— PROMPT —
Of the entries below, restate word for word only the section that runs from the line with "#101=LINE('',#100,#99);" to the line with "#135=VERTEX_POINT('',#134);", counting both ends.

— INFORMATION SHOWN —
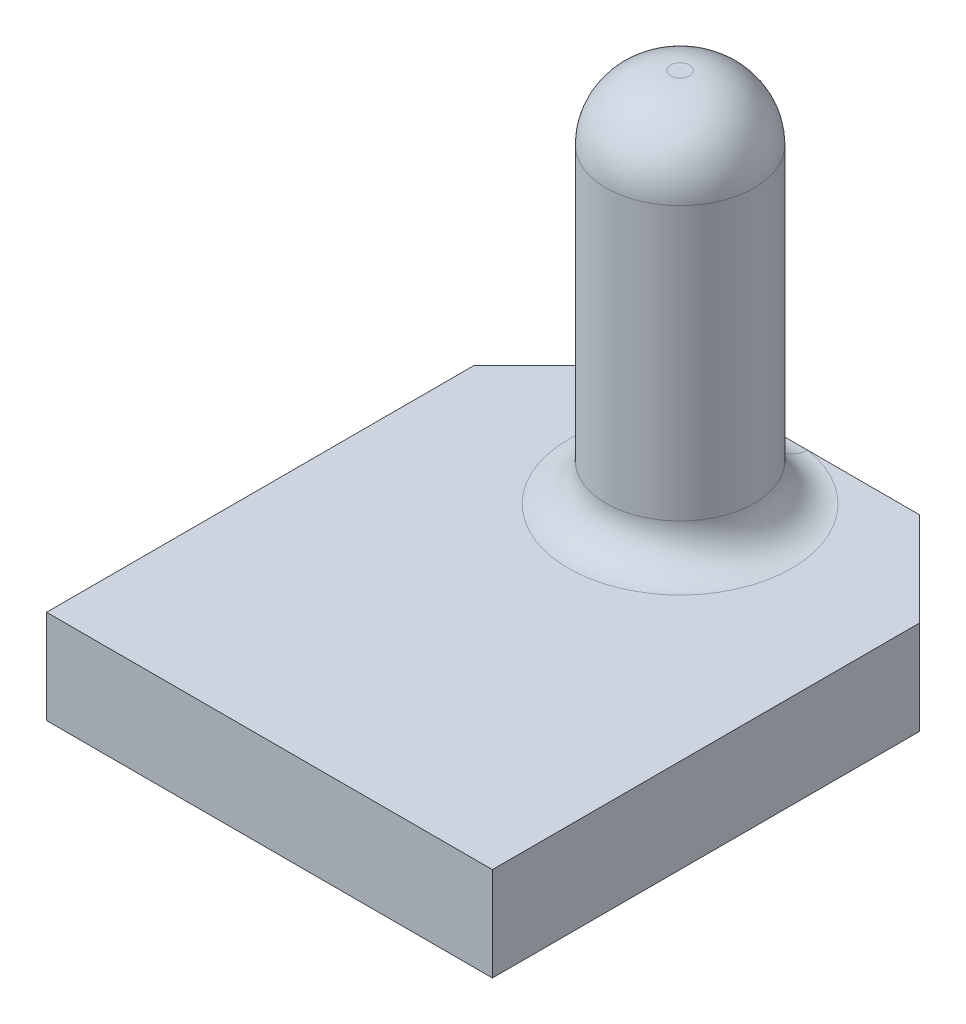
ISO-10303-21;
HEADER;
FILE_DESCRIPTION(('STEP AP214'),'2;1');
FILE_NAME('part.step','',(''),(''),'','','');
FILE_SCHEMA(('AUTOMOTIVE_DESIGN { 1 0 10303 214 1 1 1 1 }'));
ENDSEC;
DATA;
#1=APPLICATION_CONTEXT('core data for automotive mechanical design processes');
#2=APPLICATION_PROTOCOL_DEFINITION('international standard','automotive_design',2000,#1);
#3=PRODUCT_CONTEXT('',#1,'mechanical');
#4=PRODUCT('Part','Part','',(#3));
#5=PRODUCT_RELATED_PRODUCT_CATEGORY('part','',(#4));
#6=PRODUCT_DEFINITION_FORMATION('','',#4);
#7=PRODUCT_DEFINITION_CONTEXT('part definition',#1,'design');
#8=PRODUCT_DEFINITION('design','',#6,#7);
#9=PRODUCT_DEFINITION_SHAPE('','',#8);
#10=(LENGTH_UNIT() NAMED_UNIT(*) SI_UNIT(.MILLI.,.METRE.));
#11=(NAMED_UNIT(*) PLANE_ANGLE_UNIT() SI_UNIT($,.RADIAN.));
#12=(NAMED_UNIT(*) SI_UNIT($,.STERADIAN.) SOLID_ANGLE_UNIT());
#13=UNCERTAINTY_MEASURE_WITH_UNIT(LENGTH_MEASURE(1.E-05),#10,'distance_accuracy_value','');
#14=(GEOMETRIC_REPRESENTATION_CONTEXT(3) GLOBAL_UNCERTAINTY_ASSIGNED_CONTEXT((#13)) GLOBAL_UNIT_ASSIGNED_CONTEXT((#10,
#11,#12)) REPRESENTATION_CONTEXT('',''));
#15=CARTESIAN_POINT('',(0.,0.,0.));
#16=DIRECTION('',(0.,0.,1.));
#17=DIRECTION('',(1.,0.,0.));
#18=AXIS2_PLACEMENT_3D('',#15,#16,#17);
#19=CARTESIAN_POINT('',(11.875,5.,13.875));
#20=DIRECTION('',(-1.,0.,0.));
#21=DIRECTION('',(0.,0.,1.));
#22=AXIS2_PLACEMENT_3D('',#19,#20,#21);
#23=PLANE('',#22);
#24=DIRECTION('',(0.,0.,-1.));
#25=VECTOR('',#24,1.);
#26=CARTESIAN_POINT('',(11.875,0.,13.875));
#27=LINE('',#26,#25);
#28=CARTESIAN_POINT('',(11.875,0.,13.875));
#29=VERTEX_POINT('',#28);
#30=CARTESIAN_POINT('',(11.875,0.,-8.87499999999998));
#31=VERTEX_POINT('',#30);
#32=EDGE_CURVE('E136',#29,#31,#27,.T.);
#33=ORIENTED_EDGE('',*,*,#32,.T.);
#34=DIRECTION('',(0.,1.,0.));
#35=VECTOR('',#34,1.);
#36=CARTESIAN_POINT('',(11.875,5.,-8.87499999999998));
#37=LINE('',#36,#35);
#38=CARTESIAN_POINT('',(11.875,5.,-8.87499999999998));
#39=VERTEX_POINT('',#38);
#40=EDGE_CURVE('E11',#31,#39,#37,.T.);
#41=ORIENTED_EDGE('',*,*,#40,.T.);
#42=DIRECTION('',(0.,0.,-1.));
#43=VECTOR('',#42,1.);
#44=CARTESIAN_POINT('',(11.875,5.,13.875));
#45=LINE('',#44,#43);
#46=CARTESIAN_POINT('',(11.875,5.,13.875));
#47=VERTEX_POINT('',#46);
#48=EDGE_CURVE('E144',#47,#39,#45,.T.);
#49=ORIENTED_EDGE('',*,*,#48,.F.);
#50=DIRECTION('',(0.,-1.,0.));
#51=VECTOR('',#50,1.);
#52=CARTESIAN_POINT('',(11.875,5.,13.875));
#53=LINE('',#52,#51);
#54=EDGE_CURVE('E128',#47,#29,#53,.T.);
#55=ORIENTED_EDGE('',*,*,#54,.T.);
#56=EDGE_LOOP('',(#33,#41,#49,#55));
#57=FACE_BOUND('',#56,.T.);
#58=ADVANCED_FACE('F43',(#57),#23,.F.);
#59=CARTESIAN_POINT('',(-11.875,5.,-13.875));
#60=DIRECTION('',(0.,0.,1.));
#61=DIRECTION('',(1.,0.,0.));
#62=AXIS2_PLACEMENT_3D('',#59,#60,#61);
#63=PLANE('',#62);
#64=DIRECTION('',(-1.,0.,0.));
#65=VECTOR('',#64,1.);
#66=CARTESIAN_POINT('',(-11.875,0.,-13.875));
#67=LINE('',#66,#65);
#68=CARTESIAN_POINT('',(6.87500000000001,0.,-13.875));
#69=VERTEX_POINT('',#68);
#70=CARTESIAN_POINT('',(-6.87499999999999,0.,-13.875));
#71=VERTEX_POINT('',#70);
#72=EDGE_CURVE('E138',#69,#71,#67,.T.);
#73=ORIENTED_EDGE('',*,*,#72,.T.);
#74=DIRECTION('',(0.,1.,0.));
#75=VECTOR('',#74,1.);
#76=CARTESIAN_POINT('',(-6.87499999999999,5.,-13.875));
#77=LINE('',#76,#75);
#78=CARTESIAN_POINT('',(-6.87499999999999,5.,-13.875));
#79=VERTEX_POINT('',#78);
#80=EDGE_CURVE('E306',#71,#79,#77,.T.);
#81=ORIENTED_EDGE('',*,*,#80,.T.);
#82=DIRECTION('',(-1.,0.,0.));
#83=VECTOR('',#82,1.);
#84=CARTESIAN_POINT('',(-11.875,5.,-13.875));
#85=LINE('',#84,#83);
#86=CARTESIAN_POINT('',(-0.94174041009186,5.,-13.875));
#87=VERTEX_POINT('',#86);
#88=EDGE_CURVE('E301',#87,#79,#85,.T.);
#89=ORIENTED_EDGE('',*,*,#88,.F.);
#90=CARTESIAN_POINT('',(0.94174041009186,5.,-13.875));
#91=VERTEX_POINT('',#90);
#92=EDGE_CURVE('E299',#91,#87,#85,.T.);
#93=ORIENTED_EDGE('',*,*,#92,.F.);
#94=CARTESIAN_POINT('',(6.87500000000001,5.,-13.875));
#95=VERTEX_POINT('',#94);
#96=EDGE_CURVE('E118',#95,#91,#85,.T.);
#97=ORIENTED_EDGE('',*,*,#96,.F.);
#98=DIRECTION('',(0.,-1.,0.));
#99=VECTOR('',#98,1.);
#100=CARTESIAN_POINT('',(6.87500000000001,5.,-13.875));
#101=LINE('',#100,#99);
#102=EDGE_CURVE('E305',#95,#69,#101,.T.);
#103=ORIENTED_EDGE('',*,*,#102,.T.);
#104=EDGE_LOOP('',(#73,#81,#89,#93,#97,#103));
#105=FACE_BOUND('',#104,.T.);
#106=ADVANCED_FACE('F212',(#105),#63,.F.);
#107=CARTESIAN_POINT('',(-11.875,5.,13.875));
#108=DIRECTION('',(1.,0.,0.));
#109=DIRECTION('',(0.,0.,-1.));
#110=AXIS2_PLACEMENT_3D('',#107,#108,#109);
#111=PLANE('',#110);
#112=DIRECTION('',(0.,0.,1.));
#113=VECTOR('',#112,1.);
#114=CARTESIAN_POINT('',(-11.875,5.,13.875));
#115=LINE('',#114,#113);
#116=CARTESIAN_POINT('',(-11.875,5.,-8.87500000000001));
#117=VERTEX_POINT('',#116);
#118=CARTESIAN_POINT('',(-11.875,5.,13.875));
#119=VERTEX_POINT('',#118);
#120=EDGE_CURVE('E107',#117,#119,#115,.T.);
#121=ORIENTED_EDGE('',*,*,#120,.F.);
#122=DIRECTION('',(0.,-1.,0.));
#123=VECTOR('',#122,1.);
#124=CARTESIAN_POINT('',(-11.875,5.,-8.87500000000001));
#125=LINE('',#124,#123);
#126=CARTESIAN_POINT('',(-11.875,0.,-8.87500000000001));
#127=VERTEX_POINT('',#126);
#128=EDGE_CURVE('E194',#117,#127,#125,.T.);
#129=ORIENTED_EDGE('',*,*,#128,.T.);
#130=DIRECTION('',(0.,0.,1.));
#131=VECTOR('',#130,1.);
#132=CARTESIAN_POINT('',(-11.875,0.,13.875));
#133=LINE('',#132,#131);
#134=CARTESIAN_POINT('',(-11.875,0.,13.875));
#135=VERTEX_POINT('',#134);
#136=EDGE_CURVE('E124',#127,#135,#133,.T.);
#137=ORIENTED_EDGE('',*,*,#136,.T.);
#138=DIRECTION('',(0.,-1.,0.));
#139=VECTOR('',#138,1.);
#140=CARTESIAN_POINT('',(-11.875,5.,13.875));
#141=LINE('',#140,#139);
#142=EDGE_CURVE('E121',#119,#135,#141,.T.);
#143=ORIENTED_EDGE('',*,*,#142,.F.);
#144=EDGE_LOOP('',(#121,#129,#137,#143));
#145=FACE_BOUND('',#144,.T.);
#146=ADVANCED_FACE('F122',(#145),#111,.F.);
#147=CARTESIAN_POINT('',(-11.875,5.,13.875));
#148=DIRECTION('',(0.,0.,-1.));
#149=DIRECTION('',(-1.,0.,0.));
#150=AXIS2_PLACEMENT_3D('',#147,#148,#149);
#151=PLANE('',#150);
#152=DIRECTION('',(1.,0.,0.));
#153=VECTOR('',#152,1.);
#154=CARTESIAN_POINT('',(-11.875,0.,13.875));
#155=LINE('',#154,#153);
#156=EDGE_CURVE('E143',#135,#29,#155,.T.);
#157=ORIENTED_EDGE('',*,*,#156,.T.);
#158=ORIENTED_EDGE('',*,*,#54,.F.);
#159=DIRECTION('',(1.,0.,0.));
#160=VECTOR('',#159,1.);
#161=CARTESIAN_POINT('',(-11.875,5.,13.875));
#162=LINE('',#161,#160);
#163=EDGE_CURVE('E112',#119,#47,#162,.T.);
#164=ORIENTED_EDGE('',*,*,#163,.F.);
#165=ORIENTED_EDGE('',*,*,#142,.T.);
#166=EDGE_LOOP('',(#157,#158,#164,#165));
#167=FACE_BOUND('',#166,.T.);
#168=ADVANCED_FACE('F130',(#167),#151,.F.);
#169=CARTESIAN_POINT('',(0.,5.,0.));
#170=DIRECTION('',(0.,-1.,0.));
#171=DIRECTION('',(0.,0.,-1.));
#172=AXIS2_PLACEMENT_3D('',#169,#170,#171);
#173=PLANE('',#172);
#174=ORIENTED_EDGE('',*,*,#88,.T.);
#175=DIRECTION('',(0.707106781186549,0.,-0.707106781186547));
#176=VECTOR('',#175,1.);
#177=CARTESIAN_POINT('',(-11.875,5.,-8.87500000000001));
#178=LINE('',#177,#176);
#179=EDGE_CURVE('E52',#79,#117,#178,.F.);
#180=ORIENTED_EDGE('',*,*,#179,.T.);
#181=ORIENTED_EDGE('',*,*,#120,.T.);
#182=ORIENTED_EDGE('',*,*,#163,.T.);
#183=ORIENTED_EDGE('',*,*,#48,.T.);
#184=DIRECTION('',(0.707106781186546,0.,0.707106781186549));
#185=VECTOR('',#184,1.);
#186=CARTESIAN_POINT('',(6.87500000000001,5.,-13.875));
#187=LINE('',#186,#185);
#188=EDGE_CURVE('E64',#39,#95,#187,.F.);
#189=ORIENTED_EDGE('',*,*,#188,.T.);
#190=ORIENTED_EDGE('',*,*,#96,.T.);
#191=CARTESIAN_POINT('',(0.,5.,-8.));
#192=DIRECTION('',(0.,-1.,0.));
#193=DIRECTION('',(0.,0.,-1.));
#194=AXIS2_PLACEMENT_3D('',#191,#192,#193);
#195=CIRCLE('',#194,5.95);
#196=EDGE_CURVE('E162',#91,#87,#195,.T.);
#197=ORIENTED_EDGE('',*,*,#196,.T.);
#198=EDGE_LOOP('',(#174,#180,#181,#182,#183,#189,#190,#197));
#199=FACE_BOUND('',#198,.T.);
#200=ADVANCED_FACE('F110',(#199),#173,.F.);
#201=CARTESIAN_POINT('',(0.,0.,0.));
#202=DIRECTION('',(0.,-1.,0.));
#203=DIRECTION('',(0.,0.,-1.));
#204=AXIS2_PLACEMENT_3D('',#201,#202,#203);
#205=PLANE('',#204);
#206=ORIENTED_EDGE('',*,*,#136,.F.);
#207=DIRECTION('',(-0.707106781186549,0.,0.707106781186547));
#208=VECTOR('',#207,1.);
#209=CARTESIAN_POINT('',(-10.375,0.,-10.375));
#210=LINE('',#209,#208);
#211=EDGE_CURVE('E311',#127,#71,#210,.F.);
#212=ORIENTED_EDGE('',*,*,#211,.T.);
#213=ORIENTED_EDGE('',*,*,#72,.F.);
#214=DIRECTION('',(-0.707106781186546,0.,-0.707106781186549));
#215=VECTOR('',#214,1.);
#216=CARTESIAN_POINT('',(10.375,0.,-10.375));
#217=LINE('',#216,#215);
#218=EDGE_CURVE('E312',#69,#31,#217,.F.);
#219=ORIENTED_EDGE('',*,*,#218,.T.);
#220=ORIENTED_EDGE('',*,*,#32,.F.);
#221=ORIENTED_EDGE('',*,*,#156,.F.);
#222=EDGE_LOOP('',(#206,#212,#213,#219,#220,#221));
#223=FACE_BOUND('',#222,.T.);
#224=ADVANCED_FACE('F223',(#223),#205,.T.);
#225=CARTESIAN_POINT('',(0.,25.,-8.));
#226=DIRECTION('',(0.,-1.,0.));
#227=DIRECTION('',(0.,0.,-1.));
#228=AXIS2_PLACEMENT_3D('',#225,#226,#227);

— EXERCISE RESPONSE —
#101=LINE('',#100,#99);
#102=EDGE_CURVE('E305',#95,#69,#101,.T.);
#103=ORIENTED_EDGE('',*,*,#102,.T.);
#104=EDGE_LOOP('',(#73,#81,#89,#93,#97,#103));
#105=FACE_BOUND('',#104,.T.);
#106=ADVANCED_FACE('F212',(#105),#63,.F.);
#107=CARTESIAN_POINT('',(-11.875,5.,13.875));
#108=DIRECTION('',(1.,0.,0.));
#109=DIRECTION('',(0.,0.,-1.));
#110=AXIS2_PLACEMENT_3D('',#107,#108,#109);
#111=PLANE('',#110);
#112=DIRECTION('',(0.,0.,1.));
#113=VECTOR('',#112,1.);
#114=CARTESIAN_POINT('',(-11.875,5.,13.875));
#115=LINE('',#114,#113);
#116=CARTESIAN_POINT('',(-11.875,5.,-8.87500000000001));
#117=VERTEX_POINT('',#116);
#118=CARTESIAN_POINT('',(-11.875,5.,13.875));
#119=VERTEX_POINT('',#118);
#120=EDGE_CURVE('E107',#117,#119,#115,.T.);
#121=ORIENTED_EDGE('',*,*,#120,.F.);
#122=DIRECTION('',(0.,-1.,0.));
#123=VECTOR('',#122,1.);
#124=CARTESIAN_POINT('',(-11.875,5.,-8.87500000000001));
#125=LINE('',#124,#123);
#126=CARTESIAN_POINT('',(-11.875,0.,-8.87500000000001));
#127=VERTEX_POINT('',#126);
#128=EDGE_CURVE('E194',#117,#127,#125,.T.);
#129=ORIENTED_EDGE('',*,*,#128,.T.);
#130=DIRECTION('',(0.,0.,1.));
#131=VECTOR('',#130,1.);
#132=CARTESIAN_POINT('',(-11.875,0.,13.875));
#133=LINE('',#132,#131);
#134=CARTESIAN_POINT('',(-11.875,0.,13.875));
#135=VERTEX_POINT('',#134);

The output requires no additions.